My brother was willing to close up her home and make all of the necessary arrangements, so I made ready to fly back to Portland and my wife of only a year.  As I was packing, my office called.  A major client wanted me to meet him in Philadelphia two days hence to negotiate a deal.   Given that I could ride the Long Island Railroad into Penn Station, and then take the Penn Central Railroad to Philadelphia, I agreed.  And given that Aunt Grace lived close to Penn Station, I called her and arranged to meet the next day for a cup of coffee while I changed trains.

It was July;  New York City was hot and humid;  I had just buried my mother after sitting by her bedside for a week; and I was hoping for – without much expectation – a pleasant reunion.  I hadn’t seen Aunt Grace in three or four years and I was somewhat shocked by her appearance until I remembered that she always looked terrible.  She wore a ratty old housedress, and her hair had thinned to the point where her scalp showed through – she was letting herself go.

No sooner had we sat down in a booth in the small diner around the corner from her apartment, and had ordered a couple of coffees and bagels, than she launched into her favorite tirade.  Without a word of condolence or sympathy for my mother, Aunt Grace began to tell me how awful my brother and I were to her.  She could partially excuse me – I lived 3000 miles away – but my brother was right here in New York and he never wrote, never called; and she had never been invited to see his children.

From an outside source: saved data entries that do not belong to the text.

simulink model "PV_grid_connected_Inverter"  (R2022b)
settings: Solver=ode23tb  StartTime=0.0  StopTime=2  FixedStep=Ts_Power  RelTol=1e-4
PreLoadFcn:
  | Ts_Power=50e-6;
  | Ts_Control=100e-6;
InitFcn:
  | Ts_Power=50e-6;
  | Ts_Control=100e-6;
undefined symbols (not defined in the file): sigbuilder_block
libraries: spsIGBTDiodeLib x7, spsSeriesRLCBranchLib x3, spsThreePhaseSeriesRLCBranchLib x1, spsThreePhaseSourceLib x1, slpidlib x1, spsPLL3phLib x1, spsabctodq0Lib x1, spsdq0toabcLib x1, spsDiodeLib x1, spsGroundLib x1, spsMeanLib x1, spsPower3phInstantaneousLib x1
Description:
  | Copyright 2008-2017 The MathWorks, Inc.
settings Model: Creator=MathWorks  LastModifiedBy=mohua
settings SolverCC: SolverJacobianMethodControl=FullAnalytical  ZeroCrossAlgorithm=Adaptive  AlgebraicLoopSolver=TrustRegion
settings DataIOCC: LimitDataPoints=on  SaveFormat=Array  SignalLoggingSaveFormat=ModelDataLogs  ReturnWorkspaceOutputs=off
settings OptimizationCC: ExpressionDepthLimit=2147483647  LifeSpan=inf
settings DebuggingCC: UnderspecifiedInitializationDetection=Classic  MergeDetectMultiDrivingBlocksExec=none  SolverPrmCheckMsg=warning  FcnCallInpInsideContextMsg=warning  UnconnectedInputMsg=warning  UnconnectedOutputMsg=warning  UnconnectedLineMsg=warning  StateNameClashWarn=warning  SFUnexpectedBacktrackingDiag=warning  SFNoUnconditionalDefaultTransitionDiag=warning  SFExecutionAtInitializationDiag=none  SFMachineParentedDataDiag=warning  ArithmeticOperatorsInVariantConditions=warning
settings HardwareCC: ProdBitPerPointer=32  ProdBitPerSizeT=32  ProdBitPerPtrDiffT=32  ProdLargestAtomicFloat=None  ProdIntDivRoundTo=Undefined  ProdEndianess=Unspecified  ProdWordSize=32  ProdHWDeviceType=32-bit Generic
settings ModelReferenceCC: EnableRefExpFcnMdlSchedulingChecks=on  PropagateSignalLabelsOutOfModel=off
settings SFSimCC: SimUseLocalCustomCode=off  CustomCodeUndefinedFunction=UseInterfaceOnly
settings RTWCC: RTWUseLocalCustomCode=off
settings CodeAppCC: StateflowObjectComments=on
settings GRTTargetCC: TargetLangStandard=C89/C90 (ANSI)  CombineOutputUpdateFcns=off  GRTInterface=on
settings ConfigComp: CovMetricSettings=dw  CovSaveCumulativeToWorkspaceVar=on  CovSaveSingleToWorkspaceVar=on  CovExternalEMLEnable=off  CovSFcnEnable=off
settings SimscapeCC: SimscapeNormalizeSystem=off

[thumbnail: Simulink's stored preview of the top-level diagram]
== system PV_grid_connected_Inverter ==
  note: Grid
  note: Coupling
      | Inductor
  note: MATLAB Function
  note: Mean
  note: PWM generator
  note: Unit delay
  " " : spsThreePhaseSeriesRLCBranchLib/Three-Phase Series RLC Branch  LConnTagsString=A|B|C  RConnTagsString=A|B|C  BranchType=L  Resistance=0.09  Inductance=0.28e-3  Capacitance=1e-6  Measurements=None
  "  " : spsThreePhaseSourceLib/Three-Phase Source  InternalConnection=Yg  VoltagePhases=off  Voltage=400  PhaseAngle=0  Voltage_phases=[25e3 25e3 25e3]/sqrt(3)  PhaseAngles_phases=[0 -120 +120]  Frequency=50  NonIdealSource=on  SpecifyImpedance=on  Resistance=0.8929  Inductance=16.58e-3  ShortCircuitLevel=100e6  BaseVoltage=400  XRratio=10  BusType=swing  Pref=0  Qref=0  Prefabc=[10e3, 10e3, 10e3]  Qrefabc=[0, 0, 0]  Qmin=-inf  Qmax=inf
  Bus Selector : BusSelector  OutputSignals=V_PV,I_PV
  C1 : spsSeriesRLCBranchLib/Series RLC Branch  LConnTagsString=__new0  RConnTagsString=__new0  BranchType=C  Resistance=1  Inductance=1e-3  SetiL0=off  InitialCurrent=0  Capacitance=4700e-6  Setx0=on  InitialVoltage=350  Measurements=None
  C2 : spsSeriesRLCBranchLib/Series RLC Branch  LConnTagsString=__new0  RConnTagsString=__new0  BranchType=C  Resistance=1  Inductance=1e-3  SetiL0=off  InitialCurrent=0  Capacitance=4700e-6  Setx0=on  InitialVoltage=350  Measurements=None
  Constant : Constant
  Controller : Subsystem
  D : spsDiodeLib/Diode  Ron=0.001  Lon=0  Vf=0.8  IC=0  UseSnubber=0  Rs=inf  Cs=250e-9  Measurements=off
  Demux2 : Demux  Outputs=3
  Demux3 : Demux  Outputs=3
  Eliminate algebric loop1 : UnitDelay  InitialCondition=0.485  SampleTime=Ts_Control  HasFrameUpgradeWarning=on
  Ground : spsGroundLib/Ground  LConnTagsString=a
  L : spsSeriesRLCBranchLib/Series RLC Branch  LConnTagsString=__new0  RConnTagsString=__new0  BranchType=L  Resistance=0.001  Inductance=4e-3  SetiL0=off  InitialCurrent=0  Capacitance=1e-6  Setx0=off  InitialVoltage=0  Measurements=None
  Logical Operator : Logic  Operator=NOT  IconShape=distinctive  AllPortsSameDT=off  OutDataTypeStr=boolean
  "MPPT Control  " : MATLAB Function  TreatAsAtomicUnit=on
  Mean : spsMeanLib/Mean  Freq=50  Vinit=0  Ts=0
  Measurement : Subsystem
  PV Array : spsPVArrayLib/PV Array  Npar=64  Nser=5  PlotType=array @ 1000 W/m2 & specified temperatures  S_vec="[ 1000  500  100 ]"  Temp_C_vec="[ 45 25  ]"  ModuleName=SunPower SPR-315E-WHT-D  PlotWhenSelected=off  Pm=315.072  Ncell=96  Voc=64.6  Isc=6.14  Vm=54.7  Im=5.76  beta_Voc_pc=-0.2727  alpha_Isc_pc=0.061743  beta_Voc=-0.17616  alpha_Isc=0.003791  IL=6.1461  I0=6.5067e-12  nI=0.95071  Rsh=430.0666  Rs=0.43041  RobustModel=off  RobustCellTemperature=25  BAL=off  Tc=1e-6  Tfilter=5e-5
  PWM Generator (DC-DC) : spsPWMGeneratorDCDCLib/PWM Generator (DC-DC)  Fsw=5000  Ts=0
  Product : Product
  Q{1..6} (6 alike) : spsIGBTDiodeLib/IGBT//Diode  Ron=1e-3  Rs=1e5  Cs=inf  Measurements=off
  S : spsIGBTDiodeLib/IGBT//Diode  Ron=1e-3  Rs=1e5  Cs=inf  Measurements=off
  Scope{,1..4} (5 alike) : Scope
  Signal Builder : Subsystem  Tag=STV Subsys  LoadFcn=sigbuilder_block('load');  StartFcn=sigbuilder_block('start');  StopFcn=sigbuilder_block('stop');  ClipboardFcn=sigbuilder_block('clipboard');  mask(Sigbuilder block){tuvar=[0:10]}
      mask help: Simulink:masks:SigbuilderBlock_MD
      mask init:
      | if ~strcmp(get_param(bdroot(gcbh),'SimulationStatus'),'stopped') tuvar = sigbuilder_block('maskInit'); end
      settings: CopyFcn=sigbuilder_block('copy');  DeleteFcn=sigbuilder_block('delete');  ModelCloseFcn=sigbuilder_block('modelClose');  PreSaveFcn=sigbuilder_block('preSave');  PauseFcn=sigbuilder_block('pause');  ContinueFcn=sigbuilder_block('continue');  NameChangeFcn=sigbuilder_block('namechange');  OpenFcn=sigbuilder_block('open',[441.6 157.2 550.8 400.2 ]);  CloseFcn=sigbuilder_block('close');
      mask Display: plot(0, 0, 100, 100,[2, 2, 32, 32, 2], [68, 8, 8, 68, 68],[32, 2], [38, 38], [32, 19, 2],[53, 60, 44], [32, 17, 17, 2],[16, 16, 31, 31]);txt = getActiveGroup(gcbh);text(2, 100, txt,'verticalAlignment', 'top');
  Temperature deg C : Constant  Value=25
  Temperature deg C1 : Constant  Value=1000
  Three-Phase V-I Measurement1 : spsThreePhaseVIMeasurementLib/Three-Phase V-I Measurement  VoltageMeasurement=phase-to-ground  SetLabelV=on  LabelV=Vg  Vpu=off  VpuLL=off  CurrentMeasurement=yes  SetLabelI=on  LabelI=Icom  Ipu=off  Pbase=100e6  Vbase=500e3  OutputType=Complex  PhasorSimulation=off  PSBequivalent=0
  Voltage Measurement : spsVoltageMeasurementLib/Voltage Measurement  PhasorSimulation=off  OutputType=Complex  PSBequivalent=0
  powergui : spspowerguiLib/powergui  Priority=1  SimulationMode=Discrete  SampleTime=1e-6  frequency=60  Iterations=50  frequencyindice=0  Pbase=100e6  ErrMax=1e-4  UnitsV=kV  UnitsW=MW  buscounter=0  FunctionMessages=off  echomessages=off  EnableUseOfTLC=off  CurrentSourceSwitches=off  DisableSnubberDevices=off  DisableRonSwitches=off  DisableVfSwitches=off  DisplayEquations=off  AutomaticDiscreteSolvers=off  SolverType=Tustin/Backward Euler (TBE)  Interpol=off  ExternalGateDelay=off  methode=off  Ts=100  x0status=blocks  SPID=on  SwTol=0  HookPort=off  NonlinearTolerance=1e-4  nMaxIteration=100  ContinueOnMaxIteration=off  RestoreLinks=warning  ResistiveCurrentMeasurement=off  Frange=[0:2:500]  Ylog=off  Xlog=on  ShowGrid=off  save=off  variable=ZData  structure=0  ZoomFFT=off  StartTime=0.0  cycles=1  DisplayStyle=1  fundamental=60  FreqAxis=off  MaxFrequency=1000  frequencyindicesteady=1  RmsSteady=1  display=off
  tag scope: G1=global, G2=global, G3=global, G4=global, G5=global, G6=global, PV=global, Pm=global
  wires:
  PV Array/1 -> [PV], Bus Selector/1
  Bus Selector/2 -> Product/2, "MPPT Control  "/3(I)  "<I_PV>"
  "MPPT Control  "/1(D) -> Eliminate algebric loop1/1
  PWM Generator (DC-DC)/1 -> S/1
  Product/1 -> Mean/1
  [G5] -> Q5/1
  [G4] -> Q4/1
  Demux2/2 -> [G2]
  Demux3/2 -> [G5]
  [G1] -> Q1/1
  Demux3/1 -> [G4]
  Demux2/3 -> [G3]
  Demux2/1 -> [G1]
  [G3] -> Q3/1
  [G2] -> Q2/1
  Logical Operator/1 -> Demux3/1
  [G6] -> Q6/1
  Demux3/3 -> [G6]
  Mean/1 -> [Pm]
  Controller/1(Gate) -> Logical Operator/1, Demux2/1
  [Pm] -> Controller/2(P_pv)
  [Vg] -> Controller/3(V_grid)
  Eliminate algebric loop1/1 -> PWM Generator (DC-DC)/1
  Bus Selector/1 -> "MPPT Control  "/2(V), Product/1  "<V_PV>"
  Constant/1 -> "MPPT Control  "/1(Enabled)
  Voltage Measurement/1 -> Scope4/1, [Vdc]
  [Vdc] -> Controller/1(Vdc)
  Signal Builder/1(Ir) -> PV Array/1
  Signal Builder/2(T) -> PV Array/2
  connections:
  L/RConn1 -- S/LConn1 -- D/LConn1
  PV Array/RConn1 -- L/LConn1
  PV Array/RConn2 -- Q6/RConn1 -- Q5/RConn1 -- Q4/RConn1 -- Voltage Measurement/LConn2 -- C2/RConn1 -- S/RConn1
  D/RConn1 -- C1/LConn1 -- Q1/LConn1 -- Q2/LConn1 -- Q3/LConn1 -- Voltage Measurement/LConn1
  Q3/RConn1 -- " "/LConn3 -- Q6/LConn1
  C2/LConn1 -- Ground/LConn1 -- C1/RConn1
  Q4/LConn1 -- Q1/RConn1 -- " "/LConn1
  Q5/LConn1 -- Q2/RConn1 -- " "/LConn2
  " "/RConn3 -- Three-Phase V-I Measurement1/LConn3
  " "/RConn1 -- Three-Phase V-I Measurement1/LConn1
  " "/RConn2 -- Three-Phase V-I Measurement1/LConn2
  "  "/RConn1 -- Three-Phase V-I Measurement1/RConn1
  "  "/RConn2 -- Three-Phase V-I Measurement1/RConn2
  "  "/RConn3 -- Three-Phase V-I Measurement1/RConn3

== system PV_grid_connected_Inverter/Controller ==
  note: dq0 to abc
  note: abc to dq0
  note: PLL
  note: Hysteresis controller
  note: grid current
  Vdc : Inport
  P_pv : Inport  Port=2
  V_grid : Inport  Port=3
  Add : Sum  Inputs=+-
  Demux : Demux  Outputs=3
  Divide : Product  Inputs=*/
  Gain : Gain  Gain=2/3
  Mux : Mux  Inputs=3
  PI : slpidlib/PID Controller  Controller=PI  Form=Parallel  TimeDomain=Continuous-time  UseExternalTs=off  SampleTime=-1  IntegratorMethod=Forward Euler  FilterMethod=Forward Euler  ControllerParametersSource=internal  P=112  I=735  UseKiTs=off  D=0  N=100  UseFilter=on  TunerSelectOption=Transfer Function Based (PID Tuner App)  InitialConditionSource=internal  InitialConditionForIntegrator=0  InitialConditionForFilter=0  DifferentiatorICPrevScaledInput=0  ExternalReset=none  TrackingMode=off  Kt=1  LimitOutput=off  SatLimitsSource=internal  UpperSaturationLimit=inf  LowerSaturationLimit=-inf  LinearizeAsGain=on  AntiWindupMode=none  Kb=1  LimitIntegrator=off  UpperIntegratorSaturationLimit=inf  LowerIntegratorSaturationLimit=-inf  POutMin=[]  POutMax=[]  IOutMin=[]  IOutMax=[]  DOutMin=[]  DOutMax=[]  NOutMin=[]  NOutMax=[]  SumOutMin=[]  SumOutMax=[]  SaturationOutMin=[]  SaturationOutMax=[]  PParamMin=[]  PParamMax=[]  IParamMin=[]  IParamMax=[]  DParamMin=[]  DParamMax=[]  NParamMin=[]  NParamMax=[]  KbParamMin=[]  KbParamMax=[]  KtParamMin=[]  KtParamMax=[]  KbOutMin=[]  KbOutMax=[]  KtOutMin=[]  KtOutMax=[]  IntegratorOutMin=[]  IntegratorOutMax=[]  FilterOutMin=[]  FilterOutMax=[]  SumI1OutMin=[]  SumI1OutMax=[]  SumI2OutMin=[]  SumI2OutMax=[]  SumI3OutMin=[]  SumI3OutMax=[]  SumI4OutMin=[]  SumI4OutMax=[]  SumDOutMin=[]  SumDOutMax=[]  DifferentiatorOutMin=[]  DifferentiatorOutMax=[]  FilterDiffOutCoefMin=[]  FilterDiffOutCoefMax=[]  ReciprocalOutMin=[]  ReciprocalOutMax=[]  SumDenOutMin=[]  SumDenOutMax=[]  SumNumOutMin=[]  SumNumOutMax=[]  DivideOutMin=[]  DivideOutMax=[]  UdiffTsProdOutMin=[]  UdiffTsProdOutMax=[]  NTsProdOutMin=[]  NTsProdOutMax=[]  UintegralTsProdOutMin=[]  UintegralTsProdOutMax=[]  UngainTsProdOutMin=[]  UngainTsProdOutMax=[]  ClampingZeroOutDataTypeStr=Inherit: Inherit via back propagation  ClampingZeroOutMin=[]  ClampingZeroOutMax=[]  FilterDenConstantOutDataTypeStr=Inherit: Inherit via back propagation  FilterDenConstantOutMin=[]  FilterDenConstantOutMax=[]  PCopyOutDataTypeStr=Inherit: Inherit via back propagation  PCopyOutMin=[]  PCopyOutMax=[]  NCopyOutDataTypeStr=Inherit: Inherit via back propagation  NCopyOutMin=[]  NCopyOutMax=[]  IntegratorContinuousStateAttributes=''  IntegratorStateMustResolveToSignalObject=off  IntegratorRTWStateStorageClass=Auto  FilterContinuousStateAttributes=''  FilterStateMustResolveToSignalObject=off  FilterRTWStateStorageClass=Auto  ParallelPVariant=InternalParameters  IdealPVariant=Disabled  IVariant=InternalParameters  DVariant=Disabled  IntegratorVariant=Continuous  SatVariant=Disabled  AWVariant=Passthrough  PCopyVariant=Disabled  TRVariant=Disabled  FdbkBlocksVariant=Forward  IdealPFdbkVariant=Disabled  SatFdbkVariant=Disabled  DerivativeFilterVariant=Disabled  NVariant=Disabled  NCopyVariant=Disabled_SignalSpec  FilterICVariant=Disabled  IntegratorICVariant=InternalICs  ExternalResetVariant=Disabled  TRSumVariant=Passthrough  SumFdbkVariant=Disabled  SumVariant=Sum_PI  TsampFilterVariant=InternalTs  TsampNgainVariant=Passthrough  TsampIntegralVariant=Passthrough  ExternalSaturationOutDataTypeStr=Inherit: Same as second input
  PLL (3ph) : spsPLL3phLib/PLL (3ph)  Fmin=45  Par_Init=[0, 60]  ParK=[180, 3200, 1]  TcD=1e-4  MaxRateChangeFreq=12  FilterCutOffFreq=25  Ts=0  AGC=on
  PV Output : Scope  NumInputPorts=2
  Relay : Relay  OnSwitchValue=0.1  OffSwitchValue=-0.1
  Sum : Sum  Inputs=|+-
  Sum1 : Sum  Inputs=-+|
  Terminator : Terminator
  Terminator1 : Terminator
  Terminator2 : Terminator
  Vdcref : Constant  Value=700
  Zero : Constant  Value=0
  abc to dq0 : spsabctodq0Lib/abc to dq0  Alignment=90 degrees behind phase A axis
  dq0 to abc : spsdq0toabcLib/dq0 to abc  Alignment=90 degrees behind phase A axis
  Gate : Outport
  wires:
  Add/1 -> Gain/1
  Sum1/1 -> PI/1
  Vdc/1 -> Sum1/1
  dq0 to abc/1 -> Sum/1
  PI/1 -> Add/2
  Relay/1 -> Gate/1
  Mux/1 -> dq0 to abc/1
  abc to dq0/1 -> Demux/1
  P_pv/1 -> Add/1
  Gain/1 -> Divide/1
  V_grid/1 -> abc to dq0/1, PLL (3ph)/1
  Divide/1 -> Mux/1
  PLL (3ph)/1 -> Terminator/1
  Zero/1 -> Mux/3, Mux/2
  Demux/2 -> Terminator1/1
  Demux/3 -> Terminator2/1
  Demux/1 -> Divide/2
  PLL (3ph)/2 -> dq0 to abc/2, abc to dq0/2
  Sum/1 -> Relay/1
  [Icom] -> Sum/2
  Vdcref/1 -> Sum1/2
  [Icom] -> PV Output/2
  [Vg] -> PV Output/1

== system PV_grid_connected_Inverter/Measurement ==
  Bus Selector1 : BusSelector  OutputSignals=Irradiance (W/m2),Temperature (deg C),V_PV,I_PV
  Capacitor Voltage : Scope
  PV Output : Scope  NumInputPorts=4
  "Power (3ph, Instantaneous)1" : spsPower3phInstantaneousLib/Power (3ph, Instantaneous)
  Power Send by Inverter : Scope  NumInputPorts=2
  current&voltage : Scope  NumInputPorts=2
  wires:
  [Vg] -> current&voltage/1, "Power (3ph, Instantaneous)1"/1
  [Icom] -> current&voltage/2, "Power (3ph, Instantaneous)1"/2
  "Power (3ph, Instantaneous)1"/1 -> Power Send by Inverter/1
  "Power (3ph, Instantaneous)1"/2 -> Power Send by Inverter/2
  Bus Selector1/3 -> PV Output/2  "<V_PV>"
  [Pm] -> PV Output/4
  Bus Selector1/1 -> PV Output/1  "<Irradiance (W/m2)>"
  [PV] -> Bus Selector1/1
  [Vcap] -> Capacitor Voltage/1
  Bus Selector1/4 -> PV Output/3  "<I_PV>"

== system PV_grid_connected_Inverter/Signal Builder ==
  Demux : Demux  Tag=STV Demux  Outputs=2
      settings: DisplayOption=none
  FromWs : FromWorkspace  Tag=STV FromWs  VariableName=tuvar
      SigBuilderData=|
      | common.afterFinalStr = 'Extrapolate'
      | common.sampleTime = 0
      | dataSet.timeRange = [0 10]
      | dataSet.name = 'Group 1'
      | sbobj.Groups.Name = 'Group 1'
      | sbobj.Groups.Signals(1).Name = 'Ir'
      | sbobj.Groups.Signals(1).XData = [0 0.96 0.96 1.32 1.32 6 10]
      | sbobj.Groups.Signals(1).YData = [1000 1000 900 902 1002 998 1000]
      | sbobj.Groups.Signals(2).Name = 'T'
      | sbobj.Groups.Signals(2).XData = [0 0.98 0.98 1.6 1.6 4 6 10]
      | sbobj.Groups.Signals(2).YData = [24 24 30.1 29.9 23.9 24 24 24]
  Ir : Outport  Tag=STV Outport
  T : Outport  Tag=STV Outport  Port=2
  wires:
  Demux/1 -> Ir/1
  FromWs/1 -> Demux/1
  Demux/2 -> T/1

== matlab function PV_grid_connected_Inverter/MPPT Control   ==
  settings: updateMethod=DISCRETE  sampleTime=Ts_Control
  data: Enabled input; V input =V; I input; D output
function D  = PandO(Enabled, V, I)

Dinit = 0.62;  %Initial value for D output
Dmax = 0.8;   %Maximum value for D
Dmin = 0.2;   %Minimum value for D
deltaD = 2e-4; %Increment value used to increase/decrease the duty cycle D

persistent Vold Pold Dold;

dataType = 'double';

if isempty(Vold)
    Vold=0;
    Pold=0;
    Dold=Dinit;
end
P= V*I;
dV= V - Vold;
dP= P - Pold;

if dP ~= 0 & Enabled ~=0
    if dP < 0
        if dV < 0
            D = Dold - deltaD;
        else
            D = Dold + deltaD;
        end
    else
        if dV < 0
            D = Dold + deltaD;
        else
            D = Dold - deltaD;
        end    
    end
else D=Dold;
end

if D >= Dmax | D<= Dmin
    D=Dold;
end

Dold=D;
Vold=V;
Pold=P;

I didn’t want to hear that.  I was hot, tired, and in no mood to be polite.  For the first time in my life I summoned up the courage to tell her off, and I carefully crafted what I would say:  “Aunt Grace, the reason that we don’t keep in touch with you is because you’re not pleasant to be around.  All you ever do is bitch…..”.

But before I could get those words out, she got a funny look on her face, pitched forward into her bagel, and died.  An ambulance raced us to the hospital, but it was too late.  They wanted to know what to do with the old housedress she had soiled when she died – I suggested the hospital incinerator – and once I had given them the name and phone number of her best friend, I took a cab to JFK, determined to get out of New York as soon as possible.  I canceled my meeting in Philadelphia, and caught the first flight back to Portland.   I’m sure my mother would have been pissed  –  she went two days before Grace.

Some months later my brother and I received letters from the lawyer who was probating Aunt Grace’s will, with copies of the salient portions.  She had left a modest estate, and had bequeathed upon my brother and me the munificent sum of $1.00 each.  Checks for that amount accompanied the letters.  I asked if I could have, or at least buy, the ring from the estate, but received a very curt no.  I had my revenge.   Knowing that the estate could not be closed while there were still probate obligations outstanding, I never cashed the check.